Parents frequently visit their family physicians with concerns of gait abnormality in their children. Minor musculoskeletal anomalies and normal age-related gait variation are the most frequent causes. Tethered cord syndrome is an uncommon pathologic entity that can be initially asymptomatic and subsequently manifest serious neurological sequelae. Prognosis depends on early recognition and prompt surgical correction for optimal outcome. We describe a case of a previously healthy 17-month-old child with abnormal gait who had tethered cord syndrome.
Case Report
A 2-year-old boy was brought to our Family Practice Center with the complaint of abnormal walk for the past 6 months. He had been getting his health maintenance at our center since birth. His great grandmother first expressed concern about the way he walked at age 17 months, but no abnormality was detected at that time. There were no other associated symptoms, including injury, fever, headaches, or weakness.
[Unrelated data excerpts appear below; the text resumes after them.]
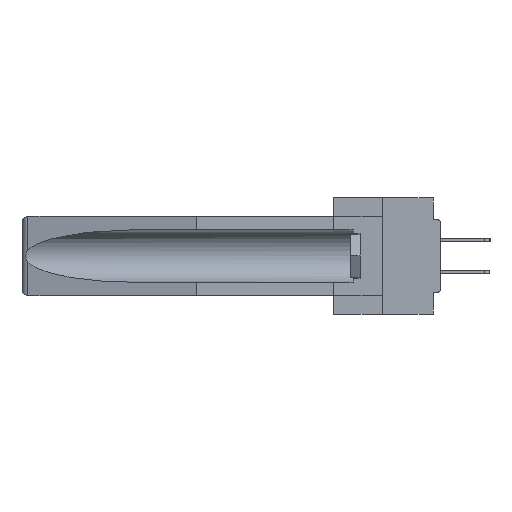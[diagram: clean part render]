
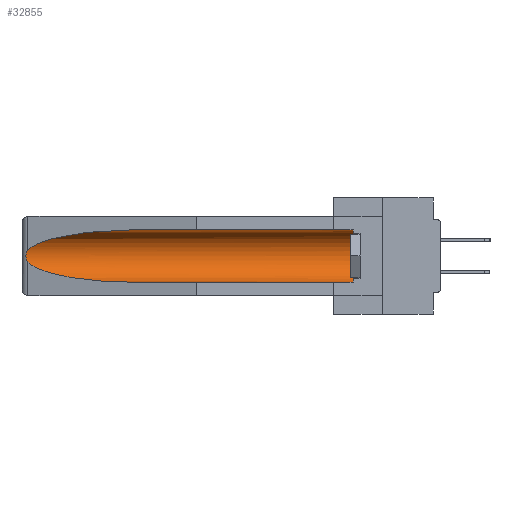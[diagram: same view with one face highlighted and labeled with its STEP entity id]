
A CAD part, left-side view. The second image highlights one B-rep face of the part: STEP entity #32855.
In plain terms, the highlighted cylindrical face has radius 2.857 mm (diameter 5.715 mm), a partial arc.
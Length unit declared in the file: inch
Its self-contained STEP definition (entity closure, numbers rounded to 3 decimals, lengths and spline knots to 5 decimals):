
#862 = CARTESIAN_POINT ( 'NONE',  ( 0.2673, 1.53269, -0.17917 ) ) ;
#1128 = EDGE_CURVE ( 'NONE', #22468, #18016, #8114, .T. ) ;
#1593 = CARTESIAN_POINT ( 'NONE',  ( 0.155, 0.126, -0.284 ) ) ;
#2272 = CARTESIAN_POINT ( 'NONE',  ( 0.155, 1.07973, -0.284 ) ) ;
#2292 = B_SPLINE_CURVE_WITH_KNOTS ( 'NONE', 3,
 ( #28056, #8727, #25284, #30821, #14444, #17175, #862, #6359, #25395, #9086 ),
 .UNSPECIFIED., .F., .F.,
 ( 4, 2, 2, 2, 4 ),
 ( 0., 0.00029, 0.00058, 0.00087, 0.00117 ),
 .UNSPECIFIED. ) ;
#2824 = CARTESIAN_POINT ( 'NONE',  ( 0.25451, 1.48313, -0.24835 ) ) ;
#3472 = LINE ( 'NONE', #28133, #35016 ) ;
#3516 = CARTESIAN_POINT ( 'NONE',  ( 0.25451, 1.48313, -0.09465 ) ) ;
#3814 =( BOUNDED_CURVE ( )  B_SPLINE_CURVE ( 3, ( #25417, #14701, #3516, #27960 ),
 .UNSPECIFIED., .F., .F. ) 
 B_SPLINE_CURVE_WITH_KNOTS ( ( 4, 4 ),
 ( 4.71239, 6.08839 ),
 .UNSPECIFIED. ) 
 CURVE ( )  GEOMETRIC_REPRESENTATION_ITEM ( )  RATIONAL_B_SPLINE_CURVE ( ( 1., 0.848, 0.848, 1. ) ) 
 REPRESENTATION_ITEM ( '' )  );
#4271 = DIRECTION ( 'NONE',  ( 0., 0., 1. ) ) ;
#6245 = CARTESIAN_POINT ( 'NONE',  ( 0.155, 1.07973, -0.059 ) ) ;
#6359 = CARTESIAN_POINT ( 'NONE',  ( 0.26655, 1.53094, -0.18657 ) ) ;
#7682 = ORIENTED_EDGE ( 'NONE', *, *, #32749, .T. ) ;
#8114 = CIRCLE ( 'NONE', #27491, 0.1125 ) ;
#8727 = CARTESIAN_POINT ( 'NONE',  ( 0.26597, 1.52961, -0.15275 ) ) ;
#8957 = EDGE_CURVE ( 'NONE', #22781, #14550, #3814, .T. ) ;
#9015 = CYLINDRICAL_SURFACE ( 'NONE', #24563, 0.1125 ) ;
#9086 = CARTESIAN_POINT ( 'NONE',  ( 0.26537, 1.52718, -0.19328 ) ) ;
#9192 = CARTESIAN_POINT ( 'NONE',  ( 0.155, -0.30754, -0.1715 ) ) ;
#9877 = CARTESIAN_POINT ( 'NONE',  ( 0.155, -0.30754, -0.059 ) ) ;
#10519 = ORIENTED_EDGE ( 'NONE', *, *, #11707, .F. ) ;
#10667 = CARTESIAN_POINT ( 'NONE',  ( 0.155, 1.07973, -0.284 ) ) ;
#10775 =( BOUNDED_CURVE ( )  B_SPLINE_CURVE ( 3, ( #16264, #2824, #24380, #10667 ),
 .UNSPECIFIED., .F., .F. ) 
 B_SPLINE_CURVE_WITH_KNOTS ( ( 4, 4 ),
 ( 0.1948, 1.5708 ),
 .UNSPECIFIED. ) 
 CURVE ( )  GEOMETRIC_REPRESENTATION_ITEM ( )  RATIONAL_B_SPLINE_CURVE ( ( 1., 0.848, 0.848, 1. ) ) 
 REPRESENTATION_ITEM ( '' )  );
#11707 = EDGE_CURVE ( 'NONE', #22468, #18410, #3472, .T. ) ;
#13158 = CARTESIAN_POINT ( 'NONE',  ( 0.155, 0.126, -0.059 ) ) ;
#13298 = DIRECTION ( 'NONE',  ( 0., 1., 0. ) ) ;
#14444 = CARTESIAN_POINT ( 'NONE',  ( 0.2675, 1.53308, -0.16763 ) ) ;
#14550 = VERTEX_POINT ( 'NONE', #23968 ) ;
#14674 = DIRECTION ( 'NONE',  ( 0., 1., 0. ) ) ;
#14701 = CARTESIAN_POINT ( 'NONE',  ( 0.21114, 1.30732, -0.059 ) ) ;
#15017 = DIRECTION ( 'NONE',  ( 0., 0., 1. ) ) ;
#15223 = DIRECTION ( 'NONE',  ( 0., 1., 0. ) ) ;
#15824 = ORIENTED_EDGE ( 'NONE', *, *, #16297, .T. ) ;
#16264 = CARTESIAN_POINT ( 'NONE',  ( 0.26537, 1.52718, -0.19328 ) ) ;
#16297 = EDGE_CURVE ( 'NONE', #17251, #18410, #10775, .T. ) ;
#17175 = CARTESIAN_POINT ( 'NONE',  ( 0.2675, 1.53308, -0.17534 ) ) ;
#17251 = VERTEX_POINT ( 'NONE', #27579 ) ;
#18016 = VERTEX_POINT ( 'NONE', #13158 ) ;
#18410 = VERTEX_POINT ( 'NONE', #2272 ) ;
#20502 = ORIENTED_EDGE ( 'NONE', *, *, #30970, .T. ) ;
#22468 = VERTEX_POINT ( 'NONE', #1593 ) ;
#22781 = VERTEX_POINT ( 'NONE', #6245 ) ;
#23293 = CARTESIAN_POINT ( 'NONE',  ( 0.155, 0.126, -0.1715 ) ) ;
#23968 = CARTESIAN_POINT ( 'NONE',  ( 0.26537, 1.52718, -0.14972 ) ) ;
#24380 = CARTESIAN_POINT ( 'NONE',  ( 0.21114, 1.30732, -0.284 ) ) ;
#24563 = AXIS2_PLACEMENT_3D ( 'NONE', #9192, #14674, #15017 ) ;
#25284 = CARTESIAN_POINT ( 'NONE',  ( 0.26654, 1.53092, -0.15636 ) ) ;
#25395 = CARTESIAN_POINT ( 'NONE',  ( 0.26597, 1.5296, -0.19026 ) ) ;
#25417 = CARTESIAN_POINT ( 'NONE',  ( 0.155, 1.07973, -0.059 ) ) ;
#25606 = FACE_OUTER_BOUND ( 'NONE', #33239, .T. ) ;
#27491 = AXIS2_PLACEMENT_3D ( 'NONE', #23293, #34514, #4271 ) ;
#27579 = CARTESIAN_POINT ( 'NONE',  ( 0.26537, 1.52718, -0.19328 ) ) ;
#27960 = CARTESIAN_POINT ( 'NONE',  ( 0.26537, 1.52718, -0.14972 ) ) ;
#28056 = CARTESIAN_POINT ( 'NONE',  ( 0.26537, 1.52718, -0.14972 ) ) ;
#28133 = CARTESIAN_POINT ( 'NONE',  ( 0.155, -0.30754, -0.284 ) ) ;
#29710 = VECTOR ( 'NONE', #15223, 39.37008 ) ;
#30544 = ORIENTED_EDGE ( 'NONE', *, *, #8957, .T. ) ;
#30565 = LINE ( 'NONE', #9877, #29710 ) ;
#30821 = CARTESIAN_POINT ( 'NONE',  ( 0.2673, 1.5327, -0.16383 ) ) ;
#30970 = EDGE_CURVE ( 'NONE', #18016, #22781, #30565, .T. ) ;
#32749 = EDGE_CURVE ( 'NONE', #14550, #17251, #2292, .T. ) ;
#32855 = ADVANCED_FACE ( 'NONE', ( #25606 ), #9015, .F. ) ;
#33239 = EDGE_LOOP ( 'NONE', ( #30544, #7682, #15824, #10519, #33733, #20502 ) ) ;
#33733 = ORIENTED_EDGE ( 'NONE', *, *, #1128, .T. ) ;
#34514 = DIRECTION ( 'NONE',  ( 0., -1., 0. ) ) ;
#35016 = VECTOR ( 'NONE', #13298, 39.37008 ) ;

The prenatal history was remarkable for a maternal second-trimester chlamydial cervicitis that was treated with azithromycin. The child was born at 35 weeks’ gestation by spontaneous vaginal delivery to a 21-year-old mother, para 1,1,1,2. The postnatal period was uncomplicated.
His medical history was notable for a second-degree facial burn at 8 months of age. Social services excluded the possibility of child neglect. He was also evaluated for failure to thrive (height and weight less than 10th percentile) at age 1 year despite apparent good nutrition. At that time there were no serious pathologic findings found on his initial medical workup.
His immunizations were up-to-date, his developmental milestones were normal, and there was no family history of gait or feet abnormalities.
He was a thinly built (height and weight remained at less than the 10th percentile), active child with normal temperature and blood. Respiratory and cardiovascular findings were unremarkable. He had lumbar levoscoliosis, overlapping toes, and increased joint laxity caused by possible hypotonia. He had equal length of both extremities, full range of motion, and good ankle dorsiflexion. There were no sacral dimples, tags, nevi, lipomas, or hypertrichosis. He had normal cranial nerves, normal sensory system, normal power (grade 5), normal tone and reflexes, and good coordination. Genitourinary and rectal findings were normal. His gait was characterized by elevation of the left shoulder and left hip with normal stance and balance. A complete blood count and chemistry profile were normal.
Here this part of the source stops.